丘杉分了個眼神給邢博恩,又重新看著一米八,說:「霧……」
說了一個字,丘杉停了一會兒,像是對自己的發音不太滿意,但又很無奈,繼續說:「霧,臥,微。」
在場幾人中邢博恩肯定是最了解丘杉的,但連邢博恩也思考不懂丘杉想表達什麼。
丘杉卻很堅持,又說了一遍:「霧,臥,微。」然後從口袋裡掏出記者工作證遞給一米八。
一米八不接,邢博恩便做了人肉傳遞機,把卡片遞到一米八手上。
看過後一米八皺了下眉,問:「你認識我?」
丘杉點頭。
這次一米八把卡片直接還給了丘杉,道:「我退役後做過你們雜誌社的專訪,有兩年了。」
丘杉點頭。
一米八總算稍稍放下戒備,對她們說:「我,度若飛,以前是擊劍運動員。我妹妹,度珍寶。」
「噢!」邢博恩恍然大悟,「你好,我叫邢博恩,她是丘杉。」
「我們跟你們一起走。我體力不錯,會開車,包里有食物。」
邢博恩問丘杉:「可以嗎?」
丘杉點頭。
邢博恩道:「好,現在就走吧。」
話音一落,自始到終坐著沒挪窩的度珍寶朝度若飛伸出雙手,度若飛先將登山包背在身前,然後握住度珍寶的手拉她站起來,接著轉身半蹲,說:「好了。」
度珍寶向前一跳,撲到度若飛背上,兩隻胳膊抱住度若飛的肩膀,兩條腿夾緊度若飛的腰。度若飛反手托住度珍寶的屁股往上湊了湊,彎腰收拾地上的床單,摺疊好了塞進登山包里。

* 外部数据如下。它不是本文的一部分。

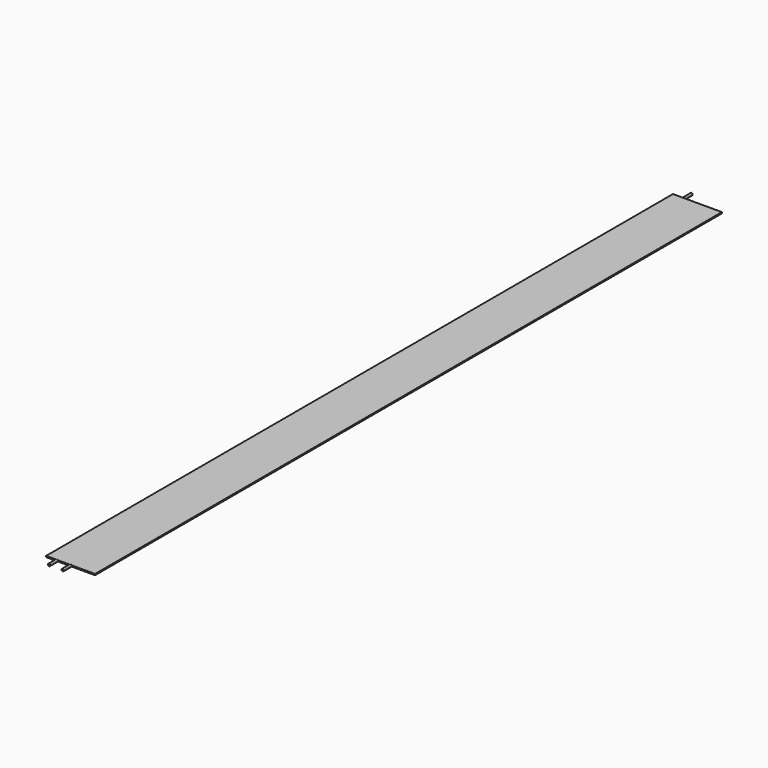
from build123d import *

# Parameters (mm, degrees)
F1_DEPTH = 3
F3_DEPTH = 25
F5_DEPTH = 25
F7_DEPTH = 25


# Not quite as in the source:
# - a feature names something its author has since deleted; it is built from what else it names


with BuildPart() as f1:
    # F0 (on Top) → F1 (new body)
    with BuildSketch(Plane.XY):
        Polygon((-5, 1855.804875493), (-30, 1855.804875493), (-30, -144.195124507), (-5, -144.195124507), (-5, -164.195124507), (0, -164.195124507), (0, -144.195124507), (30, -144.195124507), (30, -164.195124507), (35, -164.195124507), (35, -144.195124507), (95, -144.195124507), (95, 1855.804875493), (0, 1855.804875493), (0, 1875.804875493), (-5, 1875.804875493), align=None)
    extrude(amount=F1_DEPTH)

    # F2 (on face) → F3 (join)
    with BuildSketch(Plane.XZ.offset(144.195124507)):
        with BuildLine():
            Line((35, 3), (35.0980762114, 3))
            ThreePointArc((35.0980762114, 3), (29.5, 1.5), (35.0980762114, 0))
            Line((35.0980762114, 0), (35, 0))
            Line((35, 0), (35, 3))
        make_face()
        with BuildLine():
            ThreePointArc((35.0980762114, 0), (35.3977774789, 0.7235428647), (35.5, 1.5))
            ThreePointArc((35.5, 1.5), (35.3977774789, 2.2764571353), (35.0980762114, 3))
            Line((35.0980762114, 3), (35, 3))
            Line((35, 3), (35, 0))
            Line((35, 0), (35.0980762114, 0))
        make_face()
    extrude(amount=F3_DEPTH)

    # F4 (on face) → F5 (join)
    with BuildSketch(Plane(origin=(0, 1855.804875493, 0), x_dir=(-1, 0, 0), z_dir=(0, 1, 0))):
        with BuildLine():
            Line((0, 3), (-0.0980762114, 3))
            ThreePointArc((-0.0980762114, 3), (-0.5, 1.5), (-0.0980762114, 0))
            Line((-0.0980762114, 0), (0, 0))
            Line((0, 0), (0, 3))
        make_face()
        with BuildLine():
            ThreePointArc((-0.0980762114, 0), (3.2764571353, -1.3977774789), (5.5, 1.5))
            ThreePointArc((5.5, 1.5), (3.2764571353, 4.3977774789), (-0.0980762114, 3))
            Line((-0.0980762114, 3), (0, 3))
            Line((0, 3), (0, 0))
            Line((0, 0), (-0.0980762114, 0))
        make_face()
    extrude(amount=F5_DEPTH)

    # F6 (on face) → F7 (join)
    with BuildSketch(Plane.XZ.offset(144.195124507)):
        with BuildLine():
            ThreePointArc((0.0783741164, 0), (0.3926737069, 0.7383586703), (0.5, 1.5336188953))
            ThreePointArc((0.5, 1.5336188953), (0.4027223964, 2.2913805262), (0.1171982072, 3))
            Line((0.1171982072, 3), (0, 3))
            Line((0, 3), (0, 0))
            Line((0, 0), (0.0783741164, 0))
        make_face()
        with BuildLine():
            Line((0, 3), (0.1171982072, 3))
            ThreePointArc((0.1171982072, 3), (-5.4997488132, 1.5724397355), (0.0783741164, 0))
            Line((0.0783741164, 0), (0, 0))
            Line((0, 0), (0, 3))
        make_face()
    extrude(amount=F7_DEPTH)


solid = f1.part

度珍寶就像一塊膏藥一樣黏在度若飛背上,隨便度若飛怎麼動,她都黏得緊緊的。
度若飛:「走。」
於是,度若飛身前背著登山包,包里戳著一把劍,背後還黏著度珍寶,乍看很像一座山。度珍寶背著一個粉色的小書包,包的側面掛著一隻絨毛小兔,小白兔脖子上繫著寶藍的絲綢領結,領結的顏色與度若飛的運動長褲顏色一致。
邢博恩這會兒倒是有點猶豫了,如果度珍寶行動不便,也許留在固定某個地方反而更安全。
她們兩方的情況既有相似之處也有不同點。她和丘杉中,丘杉肢體僵硬,但是丘杉有一個絕對優勢,那就是面對喪屍的時候丘杉很安全,可度珍寶卻是個「貨真價實童叟無欺」的人類。
「先等等,」邢博恩問,「度珍寶的腳受傷了嗎?」
「沒有。」度若飛回答。
「哦……」邢博恩點著頭,心想可能這就是她們姐妹的相處方式吧,看度若飛的年紀比度珍寶大不少,也許平常比較寵愛,不捨得妹妹走路。